__About this exercise__: In the data below, find the line containing "#14064 = CARTESIAN_POINT", then set down that line and every later line up to and including the line containing "#17711 = LINE ( 'NONE', #7245, #13562 ) ;", exactly.

__Supplied records__:
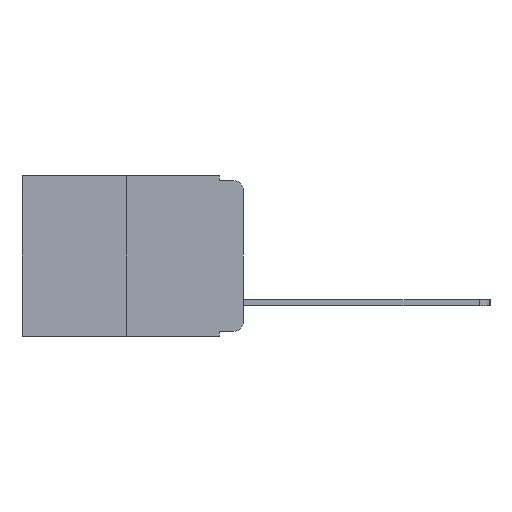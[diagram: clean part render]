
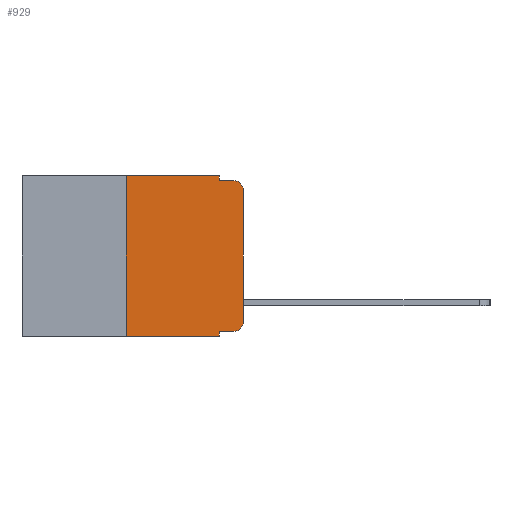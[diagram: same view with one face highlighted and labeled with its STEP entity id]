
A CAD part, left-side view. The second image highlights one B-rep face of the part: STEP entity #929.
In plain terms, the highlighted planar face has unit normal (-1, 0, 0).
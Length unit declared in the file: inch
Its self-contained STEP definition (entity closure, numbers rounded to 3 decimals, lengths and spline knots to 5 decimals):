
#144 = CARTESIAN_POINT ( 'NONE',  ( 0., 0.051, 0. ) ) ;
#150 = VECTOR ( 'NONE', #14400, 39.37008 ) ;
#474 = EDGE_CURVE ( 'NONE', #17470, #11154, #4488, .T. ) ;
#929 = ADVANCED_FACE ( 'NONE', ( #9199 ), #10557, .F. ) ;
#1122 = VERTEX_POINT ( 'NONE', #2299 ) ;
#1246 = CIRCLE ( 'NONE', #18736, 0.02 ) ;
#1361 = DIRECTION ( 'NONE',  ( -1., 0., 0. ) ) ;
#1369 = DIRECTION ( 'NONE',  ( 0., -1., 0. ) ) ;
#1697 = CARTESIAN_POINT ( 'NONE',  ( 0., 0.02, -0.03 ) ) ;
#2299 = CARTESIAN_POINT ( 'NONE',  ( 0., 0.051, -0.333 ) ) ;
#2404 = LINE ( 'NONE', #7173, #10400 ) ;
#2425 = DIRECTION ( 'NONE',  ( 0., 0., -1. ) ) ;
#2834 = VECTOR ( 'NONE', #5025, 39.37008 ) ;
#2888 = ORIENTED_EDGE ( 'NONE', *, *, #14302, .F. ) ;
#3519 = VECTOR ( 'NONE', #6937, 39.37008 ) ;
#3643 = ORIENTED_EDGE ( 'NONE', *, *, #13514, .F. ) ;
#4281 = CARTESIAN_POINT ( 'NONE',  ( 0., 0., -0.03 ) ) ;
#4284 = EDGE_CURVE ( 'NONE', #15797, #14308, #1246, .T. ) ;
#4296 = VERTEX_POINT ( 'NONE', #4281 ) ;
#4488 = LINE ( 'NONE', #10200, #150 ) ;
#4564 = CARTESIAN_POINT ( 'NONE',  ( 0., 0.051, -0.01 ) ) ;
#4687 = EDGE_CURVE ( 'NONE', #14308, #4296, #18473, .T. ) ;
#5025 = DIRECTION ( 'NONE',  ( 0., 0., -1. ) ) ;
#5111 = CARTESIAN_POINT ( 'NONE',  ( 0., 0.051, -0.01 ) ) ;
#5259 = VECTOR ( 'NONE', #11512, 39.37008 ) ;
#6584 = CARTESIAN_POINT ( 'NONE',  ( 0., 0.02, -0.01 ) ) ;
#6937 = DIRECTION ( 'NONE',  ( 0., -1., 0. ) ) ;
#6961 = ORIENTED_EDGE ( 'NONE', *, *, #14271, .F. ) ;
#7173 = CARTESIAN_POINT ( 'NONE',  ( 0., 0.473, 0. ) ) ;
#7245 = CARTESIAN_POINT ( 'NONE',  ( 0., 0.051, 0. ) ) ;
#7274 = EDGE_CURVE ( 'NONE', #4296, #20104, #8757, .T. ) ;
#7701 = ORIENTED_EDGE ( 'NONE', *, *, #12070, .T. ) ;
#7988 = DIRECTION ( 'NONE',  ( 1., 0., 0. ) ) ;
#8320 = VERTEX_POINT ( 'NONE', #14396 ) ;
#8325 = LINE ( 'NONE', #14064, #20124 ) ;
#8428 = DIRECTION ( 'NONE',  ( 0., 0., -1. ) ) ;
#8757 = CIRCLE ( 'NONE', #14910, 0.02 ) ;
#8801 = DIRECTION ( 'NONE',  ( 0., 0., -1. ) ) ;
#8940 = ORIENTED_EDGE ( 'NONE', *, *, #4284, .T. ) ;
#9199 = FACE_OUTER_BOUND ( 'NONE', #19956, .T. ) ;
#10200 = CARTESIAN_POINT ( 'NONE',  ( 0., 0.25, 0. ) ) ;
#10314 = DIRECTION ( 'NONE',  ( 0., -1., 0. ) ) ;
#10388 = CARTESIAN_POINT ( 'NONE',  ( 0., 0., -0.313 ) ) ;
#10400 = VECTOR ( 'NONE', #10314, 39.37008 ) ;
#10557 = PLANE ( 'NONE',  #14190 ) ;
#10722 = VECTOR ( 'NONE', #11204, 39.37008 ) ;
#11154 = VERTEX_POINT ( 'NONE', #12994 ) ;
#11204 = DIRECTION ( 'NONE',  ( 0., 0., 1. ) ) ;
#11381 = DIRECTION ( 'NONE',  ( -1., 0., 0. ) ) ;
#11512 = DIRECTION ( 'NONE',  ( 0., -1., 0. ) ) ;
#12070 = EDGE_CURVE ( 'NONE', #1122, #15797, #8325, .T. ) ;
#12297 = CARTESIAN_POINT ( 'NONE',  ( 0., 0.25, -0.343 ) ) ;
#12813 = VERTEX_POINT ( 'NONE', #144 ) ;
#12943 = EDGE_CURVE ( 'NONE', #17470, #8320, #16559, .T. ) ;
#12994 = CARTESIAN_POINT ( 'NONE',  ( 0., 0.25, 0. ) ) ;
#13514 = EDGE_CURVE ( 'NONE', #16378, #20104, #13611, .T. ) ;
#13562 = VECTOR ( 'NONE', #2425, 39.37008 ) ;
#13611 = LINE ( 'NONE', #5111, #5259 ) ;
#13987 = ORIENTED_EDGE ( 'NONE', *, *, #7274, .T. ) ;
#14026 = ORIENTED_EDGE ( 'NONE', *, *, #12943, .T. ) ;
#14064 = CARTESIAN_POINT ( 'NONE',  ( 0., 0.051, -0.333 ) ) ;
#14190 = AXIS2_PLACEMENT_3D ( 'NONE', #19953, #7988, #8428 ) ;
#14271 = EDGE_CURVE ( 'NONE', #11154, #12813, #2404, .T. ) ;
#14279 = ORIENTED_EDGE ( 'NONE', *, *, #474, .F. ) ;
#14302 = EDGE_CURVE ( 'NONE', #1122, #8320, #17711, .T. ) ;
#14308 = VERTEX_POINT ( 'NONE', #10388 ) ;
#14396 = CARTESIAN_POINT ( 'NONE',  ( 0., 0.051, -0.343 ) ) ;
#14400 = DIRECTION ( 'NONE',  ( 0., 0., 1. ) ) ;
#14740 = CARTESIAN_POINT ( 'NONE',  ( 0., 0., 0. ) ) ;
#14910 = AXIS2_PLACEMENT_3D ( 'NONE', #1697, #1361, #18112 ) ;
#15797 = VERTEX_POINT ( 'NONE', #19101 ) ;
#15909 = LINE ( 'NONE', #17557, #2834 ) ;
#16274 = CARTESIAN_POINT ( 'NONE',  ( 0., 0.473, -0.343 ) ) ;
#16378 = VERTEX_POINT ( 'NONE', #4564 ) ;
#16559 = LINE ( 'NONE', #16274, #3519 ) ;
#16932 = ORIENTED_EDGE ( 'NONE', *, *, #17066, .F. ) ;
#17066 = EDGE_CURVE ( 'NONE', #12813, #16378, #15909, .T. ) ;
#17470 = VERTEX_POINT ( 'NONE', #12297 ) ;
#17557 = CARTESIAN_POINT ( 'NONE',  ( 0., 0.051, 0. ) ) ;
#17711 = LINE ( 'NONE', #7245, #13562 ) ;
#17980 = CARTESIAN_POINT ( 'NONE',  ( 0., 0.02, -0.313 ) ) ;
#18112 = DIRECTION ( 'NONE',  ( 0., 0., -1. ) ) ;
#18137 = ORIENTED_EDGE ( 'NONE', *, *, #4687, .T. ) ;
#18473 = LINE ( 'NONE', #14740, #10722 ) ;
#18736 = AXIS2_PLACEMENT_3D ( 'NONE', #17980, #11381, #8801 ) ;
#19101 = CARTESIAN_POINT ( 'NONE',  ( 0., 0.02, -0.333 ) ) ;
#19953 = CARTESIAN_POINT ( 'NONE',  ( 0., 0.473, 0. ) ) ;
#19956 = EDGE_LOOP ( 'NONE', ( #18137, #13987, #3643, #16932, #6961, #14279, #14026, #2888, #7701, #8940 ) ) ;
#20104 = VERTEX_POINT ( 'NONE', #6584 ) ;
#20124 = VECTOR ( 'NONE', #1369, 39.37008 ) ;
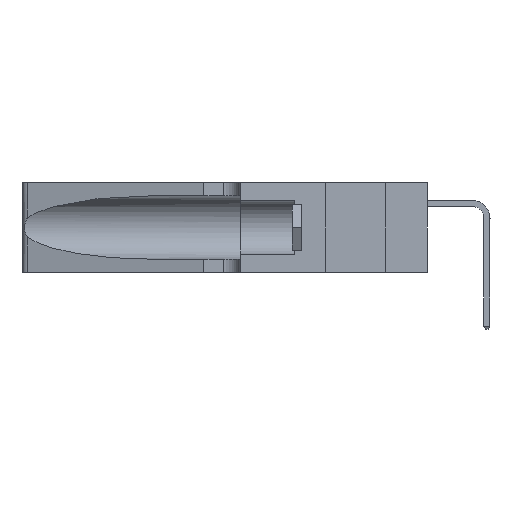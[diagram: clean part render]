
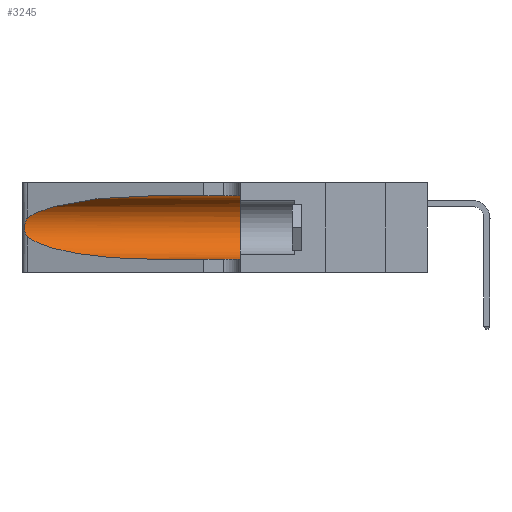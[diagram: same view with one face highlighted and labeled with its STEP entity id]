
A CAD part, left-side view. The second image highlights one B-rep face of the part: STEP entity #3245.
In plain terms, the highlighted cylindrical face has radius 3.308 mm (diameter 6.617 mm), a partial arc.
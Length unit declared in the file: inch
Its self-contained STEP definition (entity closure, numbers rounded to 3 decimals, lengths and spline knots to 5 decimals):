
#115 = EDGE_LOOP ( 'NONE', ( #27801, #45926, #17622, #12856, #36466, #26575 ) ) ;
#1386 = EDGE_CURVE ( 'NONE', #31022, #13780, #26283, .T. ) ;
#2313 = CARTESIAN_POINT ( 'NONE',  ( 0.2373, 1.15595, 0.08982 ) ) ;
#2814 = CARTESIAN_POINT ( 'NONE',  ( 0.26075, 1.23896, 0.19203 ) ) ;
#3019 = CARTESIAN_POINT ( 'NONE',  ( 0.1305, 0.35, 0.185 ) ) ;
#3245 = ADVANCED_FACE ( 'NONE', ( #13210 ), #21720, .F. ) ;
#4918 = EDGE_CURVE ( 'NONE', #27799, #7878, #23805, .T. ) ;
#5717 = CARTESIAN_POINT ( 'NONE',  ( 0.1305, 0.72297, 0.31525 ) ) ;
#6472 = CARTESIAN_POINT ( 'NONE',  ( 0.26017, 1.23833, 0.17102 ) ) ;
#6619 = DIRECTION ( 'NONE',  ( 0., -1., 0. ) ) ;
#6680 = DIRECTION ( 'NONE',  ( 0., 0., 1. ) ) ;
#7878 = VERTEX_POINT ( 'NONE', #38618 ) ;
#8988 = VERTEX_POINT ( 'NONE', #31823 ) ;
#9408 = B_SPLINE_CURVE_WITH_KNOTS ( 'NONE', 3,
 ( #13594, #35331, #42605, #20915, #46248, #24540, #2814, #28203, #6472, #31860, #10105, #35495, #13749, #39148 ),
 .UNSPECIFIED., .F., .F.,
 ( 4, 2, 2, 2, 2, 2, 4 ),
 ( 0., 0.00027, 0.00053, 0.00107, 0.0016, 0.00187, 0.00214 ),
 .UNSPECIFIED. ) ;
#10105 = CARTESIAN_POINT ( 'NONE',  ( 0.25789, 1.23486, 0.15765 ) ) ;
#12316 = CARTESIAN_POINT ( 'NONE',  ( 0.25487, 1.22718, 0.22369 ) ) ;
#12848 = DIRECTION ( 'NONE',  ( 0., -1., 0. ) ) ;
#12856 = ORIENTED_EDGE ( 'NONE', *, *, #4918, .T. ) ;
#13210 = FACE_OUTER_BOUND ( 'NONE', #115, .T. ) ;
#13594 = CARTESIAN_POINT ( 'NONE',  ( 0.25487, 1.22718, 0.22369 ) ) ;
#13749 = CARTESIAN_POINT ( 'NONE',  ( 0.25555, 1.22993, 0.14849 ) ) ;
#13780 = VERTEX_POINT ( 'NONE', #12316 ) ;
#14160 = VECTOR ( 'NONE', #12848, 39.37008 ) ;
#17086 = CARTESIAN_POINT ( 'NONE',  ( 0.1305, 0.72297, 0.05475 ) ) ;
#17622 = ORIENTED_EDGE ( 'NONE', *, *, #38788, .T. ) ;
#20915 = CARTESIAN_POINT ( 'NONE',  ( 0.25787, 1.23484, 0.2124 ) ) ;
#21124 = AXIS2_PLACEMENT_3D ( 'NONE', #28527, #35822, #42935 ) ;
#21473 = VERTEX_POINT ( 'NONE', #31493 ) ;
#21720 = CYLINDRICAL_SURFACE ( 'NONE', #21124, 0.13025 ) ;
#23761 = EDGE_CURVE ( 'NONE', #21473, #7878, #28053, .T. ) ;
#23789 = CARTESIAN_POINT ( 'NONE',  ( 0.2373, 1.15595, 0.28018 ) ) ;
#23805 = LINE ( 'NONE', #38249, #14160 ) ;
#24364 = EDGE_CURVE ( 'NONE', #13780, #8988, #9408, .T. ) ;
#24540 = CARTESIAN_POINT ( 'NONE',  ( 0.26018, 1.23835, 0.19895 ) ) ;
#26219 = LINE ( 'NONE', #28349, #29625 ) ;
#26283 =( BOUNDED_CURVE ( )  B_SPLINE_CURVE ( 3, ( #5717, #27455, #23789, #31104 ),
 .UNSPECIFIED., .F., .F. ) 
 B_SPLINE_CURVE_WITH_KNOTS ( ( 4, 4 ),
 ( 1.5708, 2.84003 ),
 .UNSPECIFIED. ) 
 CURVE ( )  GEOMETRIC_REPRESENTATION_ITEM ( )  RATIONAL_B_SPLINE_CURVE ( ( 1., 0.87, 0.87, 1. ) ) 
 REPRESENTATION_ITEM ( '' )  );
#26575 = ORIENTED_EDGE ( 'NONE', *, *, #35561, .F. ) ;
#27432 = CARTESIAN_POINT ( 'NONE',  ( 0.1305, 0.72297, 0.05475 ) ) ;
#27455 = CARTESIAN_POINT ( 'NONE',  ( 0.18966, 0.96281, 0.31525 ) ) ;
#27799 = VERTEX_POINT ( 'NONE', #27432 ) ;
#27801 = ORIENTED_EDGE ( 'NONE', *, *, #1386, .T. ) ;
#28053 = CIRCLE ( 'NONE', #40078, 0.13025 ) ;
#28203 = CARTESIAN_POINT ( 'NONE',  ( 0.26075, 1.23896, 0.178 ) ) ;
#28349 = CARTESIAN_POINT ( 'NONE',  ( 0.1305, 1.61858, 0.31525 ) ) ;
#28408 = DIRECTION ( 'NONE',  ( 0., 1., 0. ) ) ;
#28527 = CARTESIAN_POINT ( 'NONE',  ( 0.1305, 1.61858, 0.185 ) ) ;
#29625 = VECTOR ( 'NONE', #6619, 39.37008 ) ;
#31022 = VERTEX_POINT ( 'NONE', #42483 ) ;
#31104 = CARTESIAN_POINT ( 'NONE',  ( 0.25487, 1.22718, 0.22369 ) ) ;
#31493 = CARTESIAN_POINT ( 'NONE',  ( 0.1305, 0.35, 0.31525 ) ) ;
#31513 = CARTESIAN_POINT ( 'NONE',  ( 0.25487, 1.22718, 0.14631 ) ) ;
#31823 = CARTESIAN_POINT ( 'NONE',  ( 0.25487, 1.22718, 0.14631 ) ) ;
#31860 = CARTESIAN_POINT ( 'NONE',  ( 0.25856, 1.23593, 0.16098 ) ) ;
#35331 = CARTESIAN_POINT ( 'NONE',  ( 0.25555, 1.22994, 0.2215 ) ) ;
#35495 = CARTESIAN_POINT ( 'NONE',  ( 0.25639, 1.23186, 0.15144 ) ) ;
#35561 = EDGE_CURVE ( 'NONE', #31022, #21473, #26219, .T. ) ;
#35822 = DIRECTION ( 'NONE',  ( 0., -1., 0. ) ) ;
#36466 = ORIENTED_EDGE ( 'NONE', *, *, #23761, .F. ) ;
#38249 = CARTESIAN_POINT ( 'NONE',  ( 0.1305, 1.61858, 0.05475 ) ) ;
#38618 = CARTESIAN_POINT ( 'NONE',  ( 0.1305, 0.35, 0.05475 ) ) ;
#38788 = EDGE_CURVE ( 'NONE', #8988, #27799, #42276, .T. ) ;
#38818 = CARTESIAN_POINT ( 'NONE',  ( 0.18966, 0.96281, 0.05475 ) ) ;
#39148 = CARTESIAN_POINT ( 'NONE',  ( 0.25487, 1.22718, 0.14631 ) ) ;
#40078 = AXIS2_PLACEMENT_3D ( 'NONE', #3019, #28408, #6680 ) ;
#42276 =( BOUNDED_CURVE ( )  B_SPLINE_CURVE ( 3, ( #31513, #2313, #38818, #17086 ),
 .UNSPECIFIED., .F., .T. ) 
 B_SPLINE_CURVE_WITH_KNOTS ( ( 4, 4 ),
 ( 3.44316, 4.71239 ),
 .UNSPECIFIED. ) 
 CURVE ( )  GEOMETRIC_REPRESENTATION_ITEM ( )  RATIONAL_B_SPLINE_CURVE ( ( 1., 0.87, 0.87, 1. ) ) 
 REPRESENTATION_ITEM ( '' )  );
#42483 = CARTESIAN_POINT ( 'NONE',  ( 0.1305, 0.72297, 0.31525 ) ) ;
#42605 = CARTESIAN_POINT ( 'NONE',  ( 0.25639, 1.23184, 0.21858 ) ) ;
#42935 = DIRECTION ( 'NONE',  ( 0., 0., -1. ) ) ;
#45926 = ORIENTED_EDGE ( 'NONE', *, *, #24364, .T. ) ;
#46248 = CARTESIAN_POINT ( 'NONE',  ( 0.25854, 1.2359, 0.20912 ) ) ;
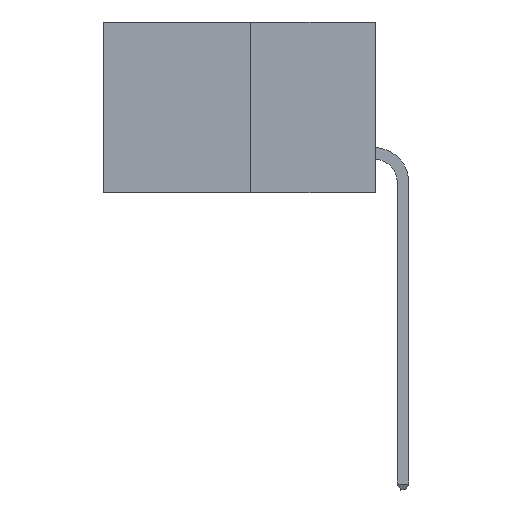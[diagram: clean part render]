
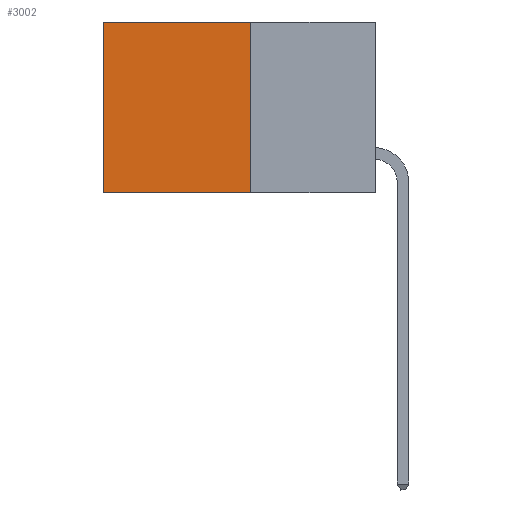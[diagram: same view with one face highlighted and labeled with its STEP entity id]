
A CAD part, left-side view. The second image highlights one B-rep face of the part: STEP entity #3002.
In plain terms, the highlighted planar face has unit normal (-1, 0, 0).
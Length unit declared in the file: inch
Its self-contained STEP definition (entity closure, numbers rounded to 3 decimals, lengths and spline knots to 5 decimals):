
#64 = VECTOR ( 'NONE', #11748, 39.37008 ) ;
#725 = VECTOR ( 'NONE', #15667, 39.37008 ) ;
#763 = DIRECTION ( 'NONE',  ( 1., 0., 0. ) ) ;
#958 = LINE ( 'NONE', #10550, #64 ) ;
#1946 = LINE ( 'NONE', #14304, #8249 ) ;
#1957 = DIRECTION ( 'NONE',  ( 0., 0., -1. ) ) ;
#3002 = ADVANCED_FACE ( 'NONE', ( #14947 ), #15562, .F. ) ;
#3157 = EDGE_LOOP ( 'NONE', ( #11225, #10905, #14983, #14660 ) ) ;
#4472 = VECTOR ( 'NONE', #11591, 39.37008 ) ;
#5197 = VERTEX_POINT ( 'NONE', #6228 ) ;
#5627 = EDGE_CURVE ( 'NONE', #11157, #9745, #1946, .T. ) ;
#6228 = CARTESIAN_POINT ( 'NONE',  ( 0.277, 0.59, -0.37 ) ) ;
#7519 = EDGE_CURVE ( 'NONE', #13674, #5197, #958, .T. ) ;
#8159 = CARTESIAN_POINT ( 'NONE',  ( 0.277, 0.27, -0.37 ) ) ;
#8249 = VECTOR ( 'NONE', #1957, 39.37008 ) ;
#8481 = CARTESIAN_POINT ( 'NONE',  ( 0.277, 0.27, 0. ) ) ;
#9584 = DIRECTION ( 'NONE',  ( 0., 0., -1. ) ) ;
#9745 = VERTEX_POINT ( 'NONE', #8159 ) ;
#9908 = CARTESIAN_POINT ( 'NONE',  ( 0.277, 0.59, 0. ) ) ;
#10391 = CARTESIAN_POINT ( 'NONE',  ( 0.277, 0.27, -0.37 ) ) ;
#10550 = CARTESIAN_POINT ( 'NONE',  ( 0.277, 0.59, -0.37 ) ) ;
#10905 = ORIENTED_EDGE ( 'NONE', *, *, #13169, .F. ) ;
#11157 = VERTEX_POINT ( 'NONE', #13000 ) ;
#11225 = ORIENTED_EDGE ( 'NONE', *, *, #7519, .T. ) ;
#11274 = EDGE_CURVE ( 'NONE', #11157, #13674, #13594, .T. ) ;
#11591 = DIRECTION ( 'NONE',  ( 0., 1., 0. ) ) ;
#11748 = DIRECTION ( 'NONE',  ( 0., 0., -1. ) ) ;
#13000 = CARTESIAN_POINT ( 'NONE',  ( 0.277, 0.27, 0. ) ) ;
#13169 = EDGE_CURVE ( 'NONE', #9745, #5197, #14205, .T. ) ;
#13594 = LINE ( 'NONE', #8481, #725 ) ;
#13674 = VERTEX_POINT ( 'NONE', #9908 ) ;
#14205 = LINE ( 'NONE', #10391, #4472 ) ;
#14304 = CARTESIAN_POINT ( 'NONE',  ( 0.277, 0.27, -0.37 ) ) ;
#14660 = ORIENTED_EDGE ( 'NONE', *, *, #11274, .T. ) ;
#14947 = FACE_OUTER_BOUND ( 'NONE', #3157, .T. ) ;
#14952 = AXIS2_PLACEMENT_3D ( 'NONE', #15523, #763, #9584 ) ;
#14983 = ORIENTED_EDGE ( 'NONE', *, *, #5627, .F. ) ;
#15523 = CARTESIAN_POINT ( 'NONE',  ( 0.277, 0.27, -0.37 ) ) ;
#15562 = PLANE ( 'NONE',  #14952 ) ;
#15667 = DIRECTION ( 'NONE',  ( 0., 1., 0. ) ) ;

__Problem solution__:
#14064 = CARTESIAN_POINT ( 'NONE',  ( 0., 0.051, -0.333 ) ) ;
#14190 = AXIS2_PLACEMENT_3D ( 'NONE', #19953, #7988, #8428 ) ;
#14271 = EDGE_CURVE ( 'NONE', #11154, #12813, #2404, .T. ) ;
#14279 = ORIENTED_EDGE ( 'NONE', *, *, #474, .F. ) ;
#14302 = EDGE_CURVE ( 'NONE', #1122, #8320, #17711, .T. ) ;
#14308 = VERTEX_POINT ( 'NONE', #10388 ) ;
#14396 = CARTESIAN_POINT ( 'NONE',  ( 0., 0.051, -0.343 ) ) ;
#14400 = DIRECTION ( 'NONE',  ( 0., 0., 1. ) ) ;
#14740 = CARTESIAN_POINT ( 'NONE',  ( 0., 0., 0. ) ) ;
#14910 = AXIS2_PLACEMENT_3D ( 'NONE', #1697, #1361, #18112 ) ;
#15797 = VERTEX_POINT ( 'NONE', #19101 ) ;
#15909 = LINE ( 'NONE', #17557, #2834 ) ;
#16274 = CARTESIAN_POINT ( 'NONE',  ( 0., 0.473, -0.343 ) ) ;
#16378 = VERTEX_POINT ( 'NONE', #4564 ) ;
#16559 = LINE ( 'NONE', #16274, #3519 ) ;
#16932 = ORIENTED_EDGE ( 'NONE', *, *, #17066, .F. ) ;
#17066 = EDGE_CURVE ( 'NONE', #12813, #16378, #15909, .T. ) ;
#17470 = VERTEX_POINT ( 'NONE', #12297 ) ;
#17557 = CARTESIAN_POINT ( 'NONE',  ( 0., 0.051, 0. ) ) ;
#17711 = LINE ( 'NONE', #7245, #13562 ) ;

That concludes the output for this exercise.